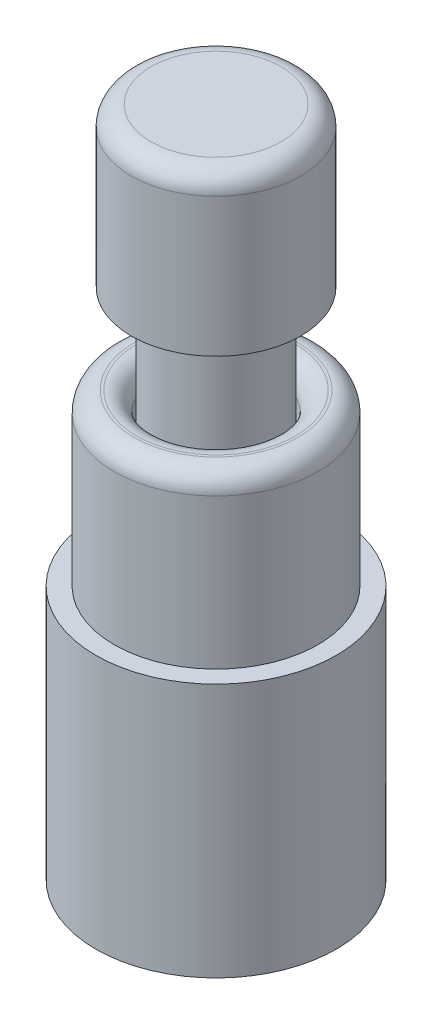
from build123d import *

# Parameters (mm, degrees)
SKETCH1_R           = 3.6
BOSS_EXTRUDE2_DEPTH = 6
SKETCH4_R           = 4.250000009
BOSS_EXTRUDE3_DEPTH = 9
SKETCH7_R           = 2.1082
CUT_EXTRUDE3_DEPTH  = 5.6
SKETCH5_R           = 2.000000064
BOSS_EXTRUDE6_DEPTH = 9.156
FILLET3_R           = 0.7
SKETCH9_R           = 3.000000096
BOSS_EXTRUDE7_DEPTH = 5.6
FILLET4_R           = 0.7


with BuildPart() as part:
    # Sketch1 → Boss-Extrude2 (new body)
    with BuildSketch(Plane(origin=(0, 0, 0), x_dir=(1, 0, 0), z_dir=(0, 1, 0))):
        with Locations(Location((0, 0, 0), (0, 0, 270))):
            Circle(SKETCH1_R)
    extrude(amount=BOSS_EXTRUDE2_DEPTH)

    # Sketch4 → Boss-Extrude3 (add)
    with BuildSketch(Plane(origin=(0, 0, 0), x_dir=(1, 0, 0), z_dir=(0, 1, 0))):
        with Locations(Location((0, 0, 0), (0, 0, 270))):
            Circle(SKETCH4_R)
    extrude(amount=-BOSS_EXTRUDE3_DEPTH)

    # Sketch7 → Cut-Extrude3 (cut)
    with BuildSketch(Plane(origin=(0, 6, 0), x_dir=(1, 0, 0), z_dir=(0, 1, 0))):
        with Locations(Location((0, 0, 0), (0, 0, 270))):
            Circle(SKETCH7_R)
    extrude(amount=-CUT_EXTRUDE3_DEPTH, mode=Mode.SUBTRACT)

    # Sketch5 → Boss-Extrude6 (add)
    with BuildSketch(Plane(origin=(0, 0, 0), x_dir=(1, 0, 0), z_dir=(0, 1, 0))):
        with Locations(Location((0, 0, 0), (0, 0, 270))):
            Circle(SKETCH5_R)
    extrude(amount=BOSS_EXTRUDE6_DEPTH)

    # Fillet3
    fillet3_edges = [part.edges().sort_by_distance(p)[0] for p in [
        (0, 6, -2.1082),
        (0, 6, -3.6),
    ]]
    fillet(fillet3_edges, radius=FILLET3_R)

    # Sketch9 → Boss-Extrude7 (add)
    with BuildSketch(Plane(origin=(0, 9.156, 0), x_dir=(1, 0, 0), z_dir=(0, 1, 0))):
        with Locations(Location((0, 0, 0), (0, 0, 270))):
            Circle(SKETCH9_R)
    extrude(amount=BOSS_EXTRUDE7_DEPTH)

    # Fillet4
    fillet4_edges = [part.edges().sort_by_distance(p)[0] for p in [
        (0, 14.756, -3.000000096),
    ]]
    fillet(fillet4_edges, radius=FILLET4_R)


solid = part.part
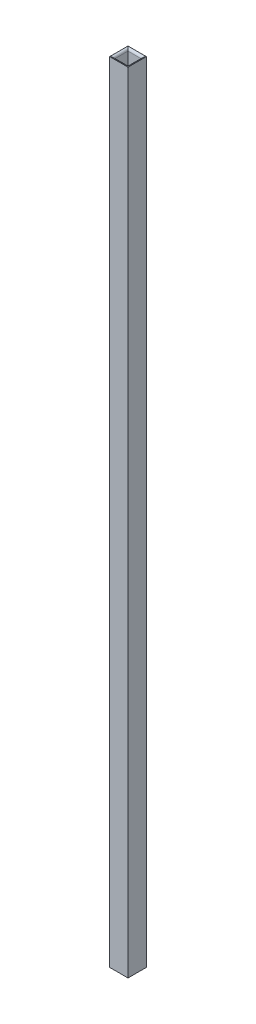
from build123d import *

# Parameters (mm, degrees)
SKETCH1_W           = 13
SKETCH1_H           = 13
BOSS_EXTRUDE1_DEPTH = 558.8
SHELL1_T            = -1.5875
FILLET1_R           = 1.524
FILLET2_R           = 1.524


with BuildPart() as part:
    # Sketch1 → Boss-Extrude1 (new body)
    with BuildSketch(Plane(origin=(0, 0, 0), x_dir=(1, 0, 0), z_dir=(0, 1, 0))):
        with Locations((-9.0448, 10.3402)):
            Rectangle(SKETCH1_W, SKETCH1_H)
    extrude(amount=BOSS_EXTRUDE1_DEPTH)

    # Shell1
    shell1_openings = [part.faces().sort_by_distance(p)[0] for p in [
        (-9.0448, 558.8, -10.3402),
        (-9.0448, 0, -10.3402),
    ]]
    offset(amount=SHELL1_T, openings=shell1_openings, kind=Kind.INTERSECTION)

    # Fillet1
    fillet1_edges = [part.edges().sort_by_distance(p)[0] for p in [
        (-13.9573, 0, -10.3402),
        (-9.0448, 0, -5.4277),
        (-4.1323, 0, -10.3402),
        (-9.0448, 0, -15.2527),
    ]]
    fillet(fillet1_edges, radius=FILLET1_R)

    # Fillet2
    fillet2_edges = [part.edges().sort_by_distance(p)[0] for p in [
        (-13.9573, 558.8, -10.3402),
        (-9.0448, 558.8, -5.4277),
        (-4.1323, 558.8, -10.3402),
        (-9.0448, 558.8, -15.2527),
    ]]
    fillet(fillet2_edges, radius=FILLET2_R)


solid = part.part
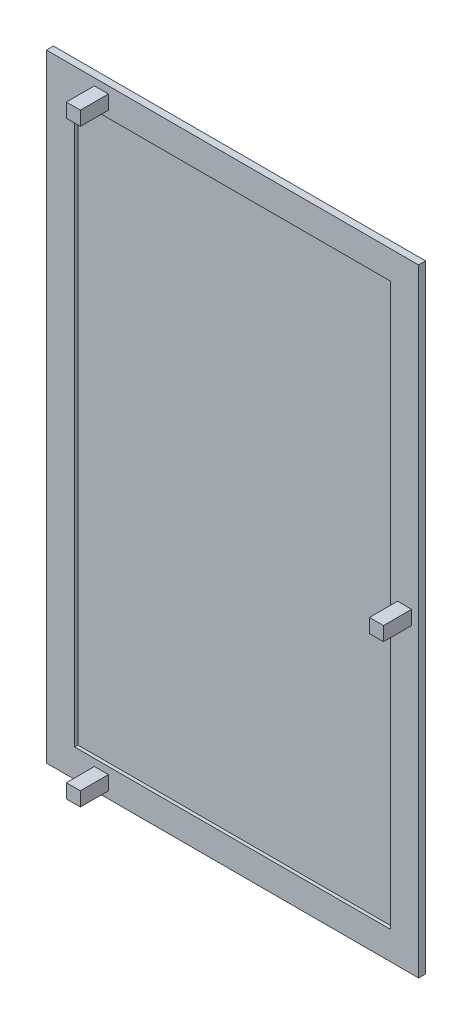
from build123d import *

# Parameters (mm, degrees)
SKETCH1_W           = 66.3
SKETCH1_H           = 110
BOSS_EXTRUDE1_DEPTH = 1.25
SKETCH2_W           = 2.5
SKETCH2_H           = 2.5
BOSS_EXTRUDE2_DEPTH = 5
SKETCH3_W           = 56.3
SKETCH3_H           = 100
CUT_EXTRUDE1_DEPTH  = 0.6


with BuildPart() as part:
    # Sketch1 → Boss-Extrude1 (new body)
    with BuildSketch(Plane.XY):
        with Locations((33.15, 55)):
            Rectangle(SKETCH1_W, SKETCH1_H)
    extrude(amount=BOSS_EXTRUDE1_DEPTH)

    # Sketch2 → Boss-Extrude2 (add)
    with BuildSketch(Plane.XY.offset(1.25)):
        with Locations((9.8, 2.5)):
            Rectangle(SKETCH2_W, SKETCH2_H)
        with Locations((9.8, 107.5)):
            Rectangle(SKETCH2_W, SKETCH2_H)
        with Locations((63.8, 55)):
            Rectangle(SKETCH2_W, SKETCH2_H)
    extrude(amount=BOSS_EXTRUDE2_DEPTH)

    # Sketch3 → Cut-Extrude1 (cut)
    with BuildSketch(Plane.XY.offset(1.25)):
        with Locations((33.15, 55)):
            Rectangle(SKETCH3_W, SKETCH3_H)
    extrude(amount=-CUT_EXTRUDE1_DEPTH, mode=Mode.SUBTRACT)


solid = part.part
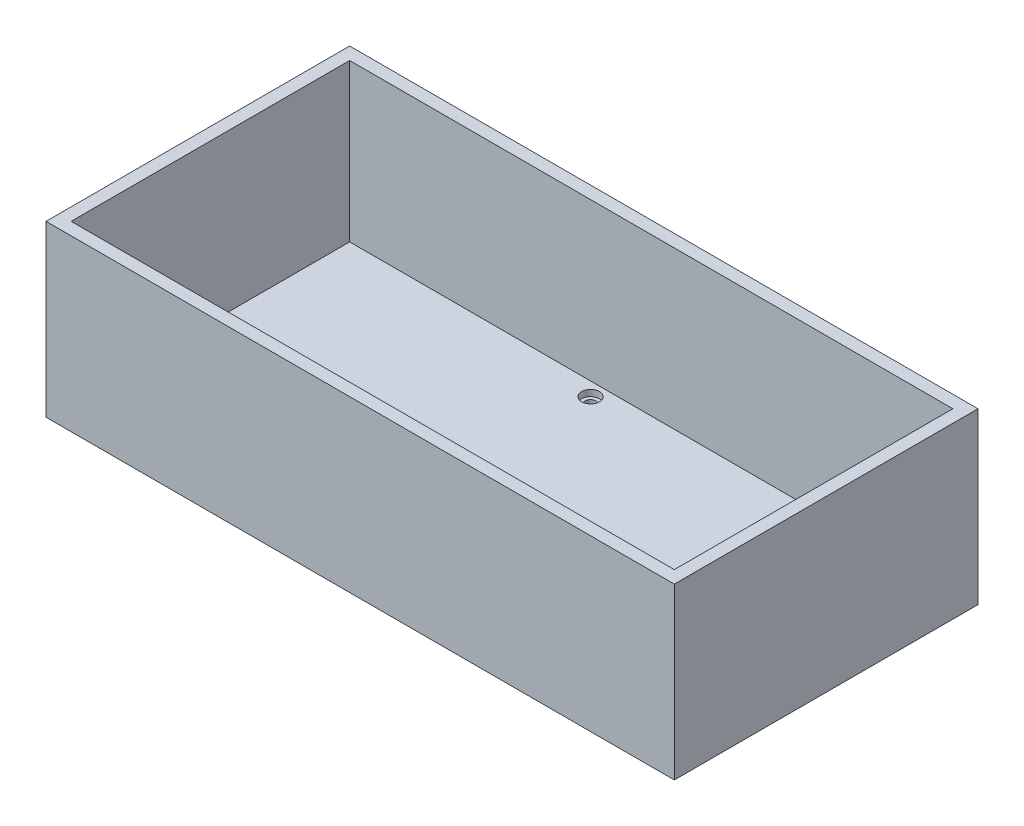
from build123d import *

# Parameters (mm, degrees)
SKETCH_1_W          = 300
SKETCH_1_H          = 145
EXTRUDE_1_DEPTH     = 81
SHELL_1_T           = -6
SKETCH_2_R          = 2.55
CUT_EXTRUDE_1_DEPTH = 183.705363906
SKETCH_3_R          = 4.25
CUT_EXTRUDE_2_DEPTH = 3


with BuildPart() as part:
    # ｽｹｯﾁ1 → ﾎﾞｽ - 押し出し1 (new body)
    with BuildSketch(Plane(origin=(0, 0, 0), x_dir=(1, 0, 0), z_dir=(0, 1, 0))):
        Rectangle(SKETCH_1_W, SKETCH_1_H)
    extrude(amount=EXTRUDE_1_DEPTH)

    # ｼｪﾙ1
    shell_1_openings = [part.faces().sort_by_distance(p)[0] for p in [
        (0, 81, 0),
    ]]
    offset(amount=SHELL_1_T, openings=shell_1_openings, kind=Kind.INTERSECTION)

    # ｽｹｯﾁ2 → ｶｯﾄ - 押し出し1 (cut, through all)
    with BuildSketch(Plane(origin=(0, 6, 0), x_dir=(1, 0, 0), z_dir=(0, 1, 0))):
        with Locations(Location((140, 60, 0), (0, 0, 270))):
            Circle(SKETCH_2_R)
        with Locations(Location((140, -60, 0), (0, 0, 90))):
            Circle(SKETCH_2_R)
        with Locations(Location((-22.5, -60, 0), (0, 0, 270))):
            Circle(SKETCH_2_R)
        with Locations(Location((-22.5, 60, 0), (0, 0, 90))):
            Circle(SKETCH_2_R)
    extrude(amount=-CUT_EXTRUDE_1_DEPTH, mode=Mode.SUBTRACT)

    # ｽｹｯﾁ3 → ｶｯﾄ - 押し出し2 (cut)
    with BuildSketch(Plane(origin=(0, 6, 0), x_dir=(1, 0, 0), z_dir=(0, 1, 0))):
        with Locations(Location((140, 60, 0), (0, 0, 270))):
            Circle(SKETCH_3_R)
        with Locations(Location((-22.5, 60, 0), (0, 0, 270))):
            Circle(SKETCH_3_R)
        with Locations(Location((-22.5, -60, 0), (0, 0, 270))):
            Circle(SKETCH_3_R)
        with Locations(Location((140, -60, 0), (0, 0, 270))):
            Circle(SKETCH_3_R)
    extrude(amount=-CUT_EXTRUDE_2_DEPTH, mode=Mode.SUBTRACT)


solid = part.part
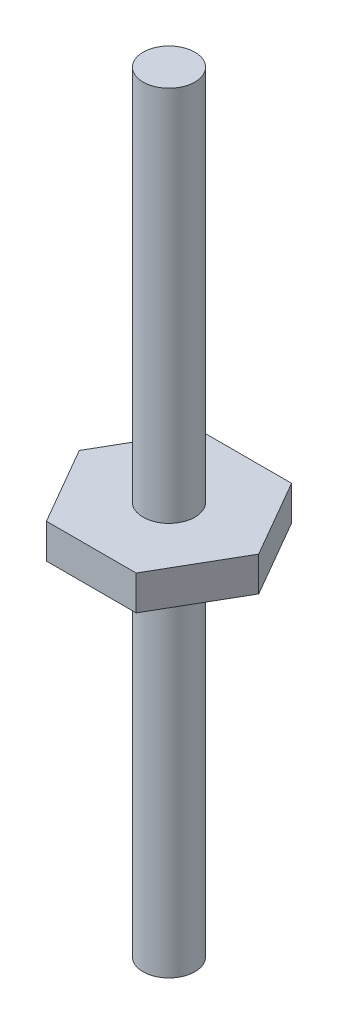
from build123d import *

# Parameters (mm, degrees)
SKETCH1_R           = 1.5
BOSS_EXTRUDE1_DEPTH = 23.825
BOSS_EXTRUDE2_DEPTH = 2
BOSS_EXTRUDE3_START = 20.8
SKETCH4_R           = 1.5
BOSS_EXTRUDE3_DEPTH = 20.8


with BuildPart() as part:
    # Sketch1 → Boss-Extrude1 (new body)
    with BuildSketch(Plane(origin=(0, 0, 0), x_dir=(1, 0, 0), z_dir=(0, 1, 0))):
        with Locations(Location((0, 0, 0), (0, 0, 270))):
            Circle(SKETCH1_R)
    extrude(amount=BOSS_EXTRUDE1_DEPTH)

    # Sketch3 → Boss-Extrude2 (add)
    with BuildSketch(Plane(origin=(0, 0, 0), x_dir=(-1, 0, 0), z_dir=(0, -1, 0))):
        Polygon((5.196152423, 0), (2.598076211, 4.5), (-2.598076211, 4.5), (-5.196152423, 0), (-2.598076211, -4.5), (2.598076211, -4.5), align=None)
    extrude(amount=-BOSS_EXTRUDE2_DEPTH)

    # Sketch4 → Boss-Extrude3 (add)
    with BuildSketch(Plane(origin=(0, 0, 0), x_dir=(-1, 0, 0), z_dir=(0, -1, 0)).offset(BOSS_EXTRUDE3_START)):
        with Locations(Location((0, 0, 0), (0, 0, 90))):
            Circle(SKETCH4_R)
    extrude(amount=-BOSS_EXTRUDE3_DEPTH)


solid = part.part

════════════════════

Aim of the exercise:
Pick from the records each line that contains the word "Kind" and show it.

Answer area:
    offset(amount=SHELL1_T, openings=shell1_openings, kind=Kind.INTERSECTION)
    offset(amount=SHELL_1_T, openings=shell_1_openings, kind=Kind.INTERSECTION)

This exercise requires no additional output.